In her second ground of error, appellant contends the trial court erred in refusing a requested jury instruction regarding the voluntariness of the incriminating statements contained on the tape.

In support of her argument, appellant relies on TEX.CODE CRIM.PROC.ANN. art. 38.22, § 6 (Vernon 1979), which provides, in pertinent part:

In all cases where a question is raised as to the voluntariness of a statement of an accused, the court must make an independent finding in the absence of the jury as to whether the statement was made under voluntary conditions ... Upon the finding by the judge as a matter of law and fact that the statement was voluntarily made, evidence pertaining to such matter may be submitted to the jury and *86it shall be instructed that unless the jury believes beyond a reasonable doubt that the statement was voluntarily made, the jury shall not consider such statement for any purpose nor any evidence obtained as a result thereof....

The procedural safeguards of article 38.22 are applicable only to statements made as a result of state action.

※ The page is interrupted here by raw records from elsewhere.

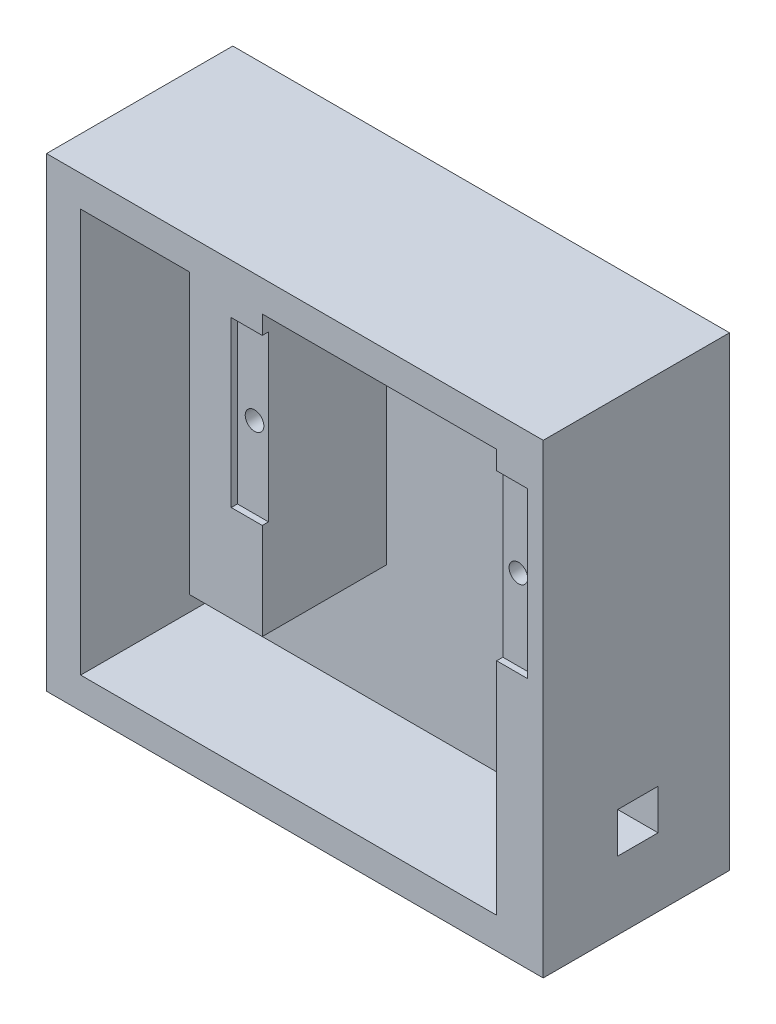
ISO-10303-21;
HEADER;
FILE_DESCRIPTION(('STEP AP214'),'2;1');
FILE_NAME('part.step','',(''),(''),'','','');
FILE_SCHEMA(('AUTOMOTIVE_DESIGN { 1 0 10303 214 1 1 1 1 }'));
ENDSEC;
DATA;
#1=APPLICATION_CONTEXT('core data for automotive mechanical design processes');
#2=APPLICATION_PROTOCOL_DEFINITION('international standard','automotive_design',2000,#1);
#3=PRODUCT_CONTEXT('',#1,'mechanical');
#4=PRODUCT('Part','Part','',(#3));
#5=PRODUCT_RELATED_PRODUCT_CATEGORY('part','',(#4));
#6=PRODUCT_DEFINITION_FORMATION('','',#4);
#7=PRODUCT_DEFINITION_CONTEXT('part definition',#1,'design');
#8=PRODUCT_DEFINITION('design','',#6,#7);
#9=PRODUCT_DEFINITION_SHAPE('','',#8);
#10=(LENGTH_UNIT() NAMED_UNIT(*) SI_UNIT(.MILLI.,.METRE.));
#11=(NAMED_UNIT(*) PLANE_ANGLE_UNIT() SI_UNIT($,.RADIAN.));
#12=(NAMED_UNIT(*) SI_UNIT($,.STERADIAN.) SOLID_ANGLE_UNIT());
#13=UNCERTAINTY_MEASURE_WITH_UNIT(LENGTH_MEASURE(1.E-05),#10,'distance_accuracy_value','');
#14=(GEOMETRIC_REPRESENTATION_CONTEXT(3) GLOBAL_UNCERTAINTY_ASSIGNED_CONTEXT((#13)) GLOBAL_UNIT_ASSIGNED_CONTEXT((#10,
#11,#12)) REPRESENTATION_CONTEXT('',''));
#15=CARTESIAN_POINT('',(0.,0.,0.));
#16=DIRECTION('',(0.,0.,1.));
#17=DIRECTION('',(1.,0.,0.));
#18=AXIS2_PLACEMENT_3D('',#15,#16,#17);
#19=CARTESIAN_POINT('',(-9.99999999999998,-43.,-8.48528137423857));
#20=DIRECTION('',(0.,0.,1.));
#21=DIRECTION('',(1.,0.,0.));
#22=AXIS2_PLACEMENT_3D('',#19,#20,#21);
#23=CYLINDRICAL_SURFACE('',#22,3.);
#24=CARTESIAN_POINT('',(-9.99999999999998,-43.,0.));
#25=DIRECTION('',(0.,0.,-1.));
#26=DIRECTION('',(-1.,0.,0.));
#27=AXIS2_PLACEMENT_3D('',#24,#25,#26);
#28=CIRCLE('',#27,3.);
#29=CARTESIAN_POINT('',(-13.,-43.,0.));
#30=VERTEX_POINT('',#29);
#31=EDGE_CURVE('E299',#30,#30,#28,.F.);
#32=ORIENTED_EDGE('',*,*,#31,.F.);
#33=EDGE_LOOP('',(#32));
#34=FACE_BOUND('',#33,.T.);
#35=CARTESIAN_POINT('',(-9.99999999999998,-43.,58.));
#36=DIRECTION('',(0.,0.,1.));
#37=DIRECTION('',(1.,0.,0.));
#38=AXIS2_PLACEMENT_3D('',#35,#36,#37);
#39=CIRCLE('',#38,3.);
#40=CARTESIAN_POINT('',(-6.99999999999998,-43.,58.));
#41=VERTEX_POINT('',#40);
#42=EDGE_CURVE('E39',#41,#41,#39,.F.);
#43=ORIENTED_EDGE('',*,*,#42,.F.);
#44=EDGE_LOOP('',(#43));
#45=FACE_BOUND('',#44,.T.);
#46=ADVANCED_FACE('F35',(#34,#45),#23,.F.);
#47=CARTESIAN_POINT('',(-95.,-43.,-8.48528137423857));
#48=DIRECTION('',(0.,0.,1.));
#49=DIRECTION('',(1.,0.,0.));
#50=AXIS2_PLACEMENT_3D('',#47,#48,#49);
#51=CYLINDRICAL_SURFACE('',#50,2.99999999999999);
#52=CARTESIAN_POINT('',(-95.,-43.,0.));
#53=DIRECTION('',(0.,0.,-1.));
#54=DIRECTION('',(-1.,0.,0.));
#55=AXIS2_PLACEMENT_3D('',#52,#53,#54);
#56=CIRCLE('',#55,2.99999999999999);
#57=CARTESIAN_POINT('',(-98.,-43.,0.));
#58=VERTEX_POINT('',#57);
#59=EDGE_CURVE('E306',#58,#58,#56,.F.);
#60=ORIENTED_EDGE('',*,*,#59,.F.);
#61=EDGE_LOOP('',(#60));
#62=FACE_BOUND('',#61,.T.);
#63=CARTESIAN_POINT('',(-95.,-43.,58.));
#64=DIRECTION('',(0.,0.,1.));
#65=DIRECTION('',(1.,0.,0.));
#66=AXIS2_PLACEMENT_3D('',#63,#64,#65);
#67=CIRCLE('',#66,2.99999999999999);
#68=CARTESIAN_POINT('',(-92.,-43.,58.));
#69=VERTEX_POINT('',#68);
#70=EDGE_CURVE('E255',#69,#69,#67,.F.);
#71=ORIENTED_EDGE('',*,*,#70,.F.);
#72=EDGE_LOOP('',(#71));
#73=FACE_BOUND('',#72,.T.);
#74=ADVANCED_FACE('F402',(#62,#73),#51,.F.);
#75=CARTESIAN_POINT('',(0.,0.,60.));
#76=DIRECTION('',(-1.,0.,0.));
#77=DIRECTION('',(0.,-1.,0.));
#78=AXIS2_PLACEMENT_3D('',#75,#76,#77);
#79=PLANE('',#78);
#80=DIRECTION('',(0.,0.,-1.));
#81=VECTOR('',#80,1.);
#82=CARTESIAN_POINT('',(0.,-128.,36.));
#83=LINE('',#82,#81);
#84=CARTESIAN_POINT('',(0.,-128.,36.));
#85=VERTEX_POINT('',#84);
#86=CARTESIAN_POINT('',(0.,-128.,23.));
#87=VERTEX_POINT('',#86);
#88=EDGE_CURVE('E287',#85,#87,#83,.T.);
#89=ORIENTED_EDGE('',*,*,#88,.F.);
#90=DIRECTION('',(0.,-1.,0.));
#91=VECTOR('',#90,1.);
#92=CARTESIAN_POINT('',(0.,-115.,36.));
#93=LINE('',#92,#91);
#94=CARTESIAN_POINT('',(0.,-115.,36.));
#95=VERTEX_POINT('',#94);
#96=EDGE_CURVE('E285',#95,#85,#93,.T.);
#97=ORIENTED_EDGE('',*,*,#96,.F.);
#98=DIRECTION('',(0.,0.,1.));
#99=VECTOR('',#98,1.);
#100=CARTESIAN_POINT('',(0.,-115.,36.));
#101=LINE('',#100,#99);
#102=CARTESIAN_POINT('',(0.,-115.,23.));
#103=VERTEX_POINT('',#102);
#104=EDGE_CURVE('E293',#103,#95,#101,.T.);
#105=ORIENTED_EDGE('',*,*,#104,.F.);
#106=DIRECTION('',(0.,1.,0.));
#107=VECTOR('',#106,1.);
#108=CARTESIAN_POINT('',(0.,-115.,23.));
#109=LINE('',#108,#107);
#110=EDGE_CURVE('E290',#87,#103,#109,.T.);
#111=ORIENTED_EDGE('',*,*,#110,.F.);
#112=EDGE_LOOP('',(#89,#97,#105,#111));
#113=FACE_BOUND('',#112,.T.);
#114=DIRECTION('',(0.,1.,0.));
#115=VECTOR('',#114,1.);
#116=CARTESIAN_POINT('',(0.,0.,0.));
#117=LINE('',#116,#115);
#118=CARTESIAN_POINT('',(0.,-150.,0.));
#119=VERTEX_POINT('',#118);
#120=CARTESIAN_POINT('',(0.,0.,0.));
#121=VERTEX_POINT('',#120);
#122=EDGE_CURVE('E346',#119,#121,#117,.T.);
#123=ORIENTED_EDGE('',*,*,#122,.T.);
#124=DIRECTION('',(0.,0.,-1.));
#125=VECTOR('',#124,1.);
#126=CARTESIAN_POINT('',(0.,0.,60.));
#127=LINE('',#126,#125);
#128=CARTESIAN_POINT('',(0.,0.,60.));
#129=VERTEX_POINT('',#128);
#130=EDGE_CURVE('E383',#129,#121,#127,.T.);
#131=ORIENTED_EDGE('',*,*,#130,.F.);
#132=DIRECTION('',(0.,1.,0.));
#133=VECTOR('',#132,1.);
#134=CARTESIAN_POINT('',(0.,0.,60.));
#135=LINE('',#134,#133);
#136=CARTESIAN_POINT('',(0.,-150.,60.));
#137=VERTEX_POINT('',#136);
#138=EDGE_CURVE('E357',#137,#129,#135,.T.);
#139=ORIENTED_EDGE('',*,*,#138,.F.);
#140=DIRECTION('',(0.,0.,-1.));
#141=VECTOR('',#140,1.);
#142=CARTESIAN_POINT('',(0.,-150.,60.));
#143=LINE('',#142,#141);
#144=EDGE_CURVE('E367',#137,#119,#143,.T.);
#145=ORIENTED_EDGE('',*,*,#144,.T.);
#146=EDGE_LOOP('',(#123,#131,#139,#145));
#147=FACE_BOUND('',#146,.T.);
#148=ADVANCED_FACE('F37',(#113,#147),#79,.F.);
#149=CARTESIAN_POINT('',(0.,0.,60.));
#150=DIRECTION('',(0.,-1.,0.));
#151=DIRECTION('',(1.,0.,0.));
#152=AXIS2_PLACEMENT_3D('',#149,#150,#151);
#153=PLANE('',#152);
#154=DIRECTION('',(-1.,0.,0.));
#155=VECTOR('',#154,1.);
#156=CARTESIAN_POINT('',(0.,0.,0.));
#157=LINE('',#156,#155);
#158=CARTESIAN_POINT('',(-160.,0.,0.));
#159=VERTEX_POINT('',#158);
#160=EDGE_CURVE('E370',#121,#159,#157,.T.);
#161=ORIENTED_EDGE('',*,*,#160,.T.);
#162=DIRECTION('',(0.,0.,-1.));
#163=VECTOR('',#162,1.);
#164=CARTESIAN_POINT('',(-160.,0.,60.));
#165=LINE('',#164,#163);
#166=CARTESIAN_POINT('',(-160.,0.,60.));
#167=VERTEX_POINT('',#166);
#168=EDGE_CURVE('E380',#167,#159,#165,.T.);
#169=ORIENTED_EDGE('',*,*,#168,.F.);
#170=DIRECTION('',(-1.,0.,0.));
#171=VECTOR('',#170,1.);
#172=CARTESIAN_POINT('',(0.,0.,60.));
#173=LINE('',#172,#171);
#174=EDGE_CURVE('E360',#129,#167,#173,.T.);
#175=ORIENTED_EDGE('',*,*,#174,.F.);
#176=ORIENTED_EDGE('',*,*,#130,.T.);
#177=EDGE_LOOP('',(#161,#169,#175,#176));
#178=FACE_BOUND('',#177,.T.);
#179=ADVANCED_FACE('F454',(#178),#153,.F.);
#180=CARTESIAN_POINT('',(-160.,0.,60.));
#181=DIRECTION('',(1.,0.,0.));
#182=DIRECTION('',(0.,1.,0.));
#183=AXIS2_PLACEMENT_3D('',#180,#181,#182);
#184=PLANE('',#183);
#185=DIRECTION('',(0.,-1.,0.));
#186=VECTOR('',#185,1.);
#187=CARTESIAN_POINT('',(-160.,0.,0.));
#188=LINE('',#187,#186);
#189=CARTESIAN_POINT('',(-160.,-150.,0.));
#190=VERTEX_POINT('',#189);
#191=EDGE_CURVE('E372',#159,#190,#188,.T.);
#192=ORIENTED_EDGE('',*,*,#191,.T.);
#193=DIRECTION('',(0.,0.,-1.));
#194=VECTOR('',#193,1.);
#195=CARTESIAN_POINT('',(-160.,-150.,60.));
#196=LINE('',#195,#194);
#197=CARTESIAN_POINT('',(-160.,-150.,60.));
#198=VERTEX_POINT('',#197);
#199=EDGE_CURVE('E377',#198,#190,#196,.T.);
#200=ORIENTED_EDGE('',*,*,#199,.F.);
#201=DIRECTION('',(0.,-1.,0.));
#202=VECTOR('',#201,1.);
#203=CARTESIAN_POINT('',(-160.,0.,60.));
#204=LINE('',#203,#202);
#205=EDGE_CURVE('E363',#167,#198,#204,.T.);
#206=ORIENTED_EDGE('',*,*,#205,.F.);
#207=ORIENTED_EDGE('',*,*,#168,.T.);
#208=EDGE_LOOP('',(#192,#200,#206,#207));
#209=FACE_BOUND('',#208,.T.);
#210=ADVANCED_FACE('F451',(#209),#184,.F.);
#211=CARTESIAN_POINT('',(0.,-150.,60.));
#212=DIRECTION('',(0.,1.,0.));
#213=DIRECTION('',(-1.,0.,0.));
#214=AXIS2_PLACEMENT_3D('',#211,#212,#213);
#215=PLANE('',#214);
#216=DIRECTION('',(1.,0.,0.));
#217=VECTOR('',#216,1.);
#218=CARTESIAN_POINT('',(0.,-150.,0.));
#219=LINE('',#218,#217);
#220=EDGE_CURVE('E361',#190,#119,#219,.T.);
#221=ORIENTED_EDGE('',*,*,#220,.T.);
#222=ORIENTED_EDGE('',*,*,#144,.F.);
#223=DIRECTION('',(1.,0.,0.));
#224=VECTOR('',#223,1.);
#225=CARTESIAN_POINT('',(0.,-150.,60.));
#226=LINE('',#225,#224);
#227=EDGE_CURVE('E365',#198,#137,#226,.T.);
#228=ORIENTED_EDGE('',*,*,#227,.F.);
#229=ORIENTED_EDGE('',*,*,#199,.T.);
#230=EDGE_LOOP('',(#221,#222,#228,#229));
#231=FACE_BOUND('',#230,.T.);
#232=ADVANCED_FACE('F444',(#231),#215,.F.);
#233=CARTESIAN_POINT('',(0.,0.,60.));
#234=DIRECTION('',(0.,0.,-1.));
#235=DIRECTION('',(-1.,0.,0.));
#236=AXIS2_PLACEMENT_3D('',#233,#234,#235);
#237=PLANE('',#236);
#238=DIRECTION('',(0.,-1.,0.));
#239=VECTOR('',#238,1.);
#240=CARTESIAN_POINT('',(-149.,-100.,60.));
#241=LINE('',#240,#239);
#242=CARTESIAN_POINT('',(-149.,-10.,60.));
#243=VERTEX_POINT('',#242);
#244=CARTESIAN_POINT('',(-149.,-140.,60.));
#245=VERTEX_POINT('',#244);
#246=EDGE_CURVE('E333',#243,#245,#241,.T.);
#247=ORIENTED_EDGE('',*,*,#246,.F.);
#248=DIRECTION('',(-1.,0.,0.));
#249=VECTOR('',#248,1.);
#250=CARTESIAN_POINT('',(-149.,-10.,60.));
#251=LINE('',#250,#249);
#252=CARTESIAN_POINT('',(-114.,-10.,60.));
#253=VERTEX_POINT('',#252);
#254=EDGE_CURVE('E212',#253,#243,#251,.T.);
#255=ORIENTED_EDGE('',*,*,#254,.F.);
#256=DIRECTION('',(0.,1.,0.));
#257=VECTOR('',#256,1.);
#258=CARTESIAN_POINT('',(-114.,-10.,60.));
#259=LINE('',#258,#257);
#260=CARTESIAN_POINT('',(-114.,-100.,60.));
#261=VERTEX_POINT('',#260);
#262=EDGE_CURVE('E218',#261,#253,#259,.T.);
#263=ORIENTED_EDGE('',*,*,#262,.F.);
#264=DIRECTION('',(-1.,0.,0.));
#265=VECTOR('',#264,1.);
#266=CARTESIAN_POINT('',(-149.,-100.,60.));
#267=LINE('',#266,#265);
#268=CARTESIAN_POINT('',(-90.5,-100.,60.));
#269=VERTEX_POINT('',#268);
#270=EDGE_CURVE('E330',#269,#261,#267,.T.);
#271=ORIENTED_EDGE('',*,*,#270,.F.);
#272=DIRECTION('',(0.,-1.,0.));
#273=VECTOR('',#272,1.);
#274=CARTESIAN_POINT('',(-90.5,-10.,60.));
#275=LINE('',#274,#273);
#276=CARTESIAN_POINT('',(-90.5,-69.,60.));
#277=VERTEX_POINT('',#276);
#278=EDGE_CURVE('E309',#277,#269,#275,.T.);
#279=ORIENTED_EDGE('',*,*,#278,.F.);
#280=DIRECTION('',(1.,0.,0.));
#281=VECTOR('',#280,1.);
#282=CARTESIAN_POINT('',(-100.5,-69.,60.));
#283=LINE('',#282,#281);
#284=CARTESIAN_POINT('',(-100.5,-69.,60.));
#285=VERTEX_POINT('',#284);
#286=EDGE_CURVE('E248',#285,#277,#283,.T.);
#287=ORIENTED_EDGE('',*,*,#286,.F.);
#288=DIRECTION('',(0.,-1.,0.));
#289=VECTOR('',#288,1.);
#290=CARTESIAN_POINT('',(-100.5,-16.,60.));
#291=LINE('',#290,#289);
#292=CARTESIAN_POINT('',(-100.5,-16.,60.));
#293=VERTEX_POINT('',#292);
#294=EDGE_CURVE('E245',#293,#285,#291,.T.);
#295=ORIENTED_EDGE('',*,*,#294,.F.);
#296=DIRECTION('',(-1.,0.,0.));
#297=VECTOR('',#296,1.);
#298=CARTESIAN_POINT('',(-100.5,-16.,60.));
#299=LINE('',#298,#297);
#300=CARTESIAN_POINT('',(-90.5,-16.,60.));
#301=VERTEX_POINT('',#300);
#302=EDGE_CURVE('E237',#301,#293,#299,.T.);
#303=ORIENTED_EDGE('',*,*,#302,.F.);
#304=CARTESIAN_POINT('',(-90.5,-10.,60.));
#305=VERTEX_POINT('',#304);
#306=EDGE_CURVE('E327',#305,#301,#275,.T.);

The record reflects the statements complained of were induced or coerced by Johnson in order to bring appellant “down” with him. Again, there is no evidence showing that Johnson, at the time of his allegedly coercive acts, was acting as an agent of the state or that such actions were sanctioned by the state. In fact, Johnson testified he acted as he did because he thought appellant had “snitched” on him. We therefore find article 38.22, § 6 inapplicable to the ease at bar. Appellant’s second ground of error is overruled.

In her third ground of error, appellant contends she was denied a fair trial because the state failed to disclose exculpatory evidence in its possession. The allegedly exculpatory evidence was contained in the pre-sentence investigation report (PSI).

The record reflects the state had been ordered to provide appellant’s counsel with a copy of that portion of the PSI which contained Johnson’s confession. Appellant argues the remainder of the report contained evidence that Johnson gave false information in his confession regarding appellant’s involvement in Dixon’s murder. The record, however, reflects that appellant’s counsel had a copy of the entire PSI for an unspecified period of time. Further, the allegedly exculpatory evidence contained in the PSI was brought out at trial through the testimony of Johnson. Appellant apparently knew of the exculpatory evidence allegedly withheld by the state; therefore, she cannot now be heard to complain of the state’s suppression of evidence. Corley v. State, 582 S.W.2d 815, 820 (Tex.Cr.App.1979); See also Means v. State, 429 S.W.2d 490, 496 (Tex.Cr.App.1968). Appellant’s third ground of error is overruled.

The judgment of the trial court is affirmed.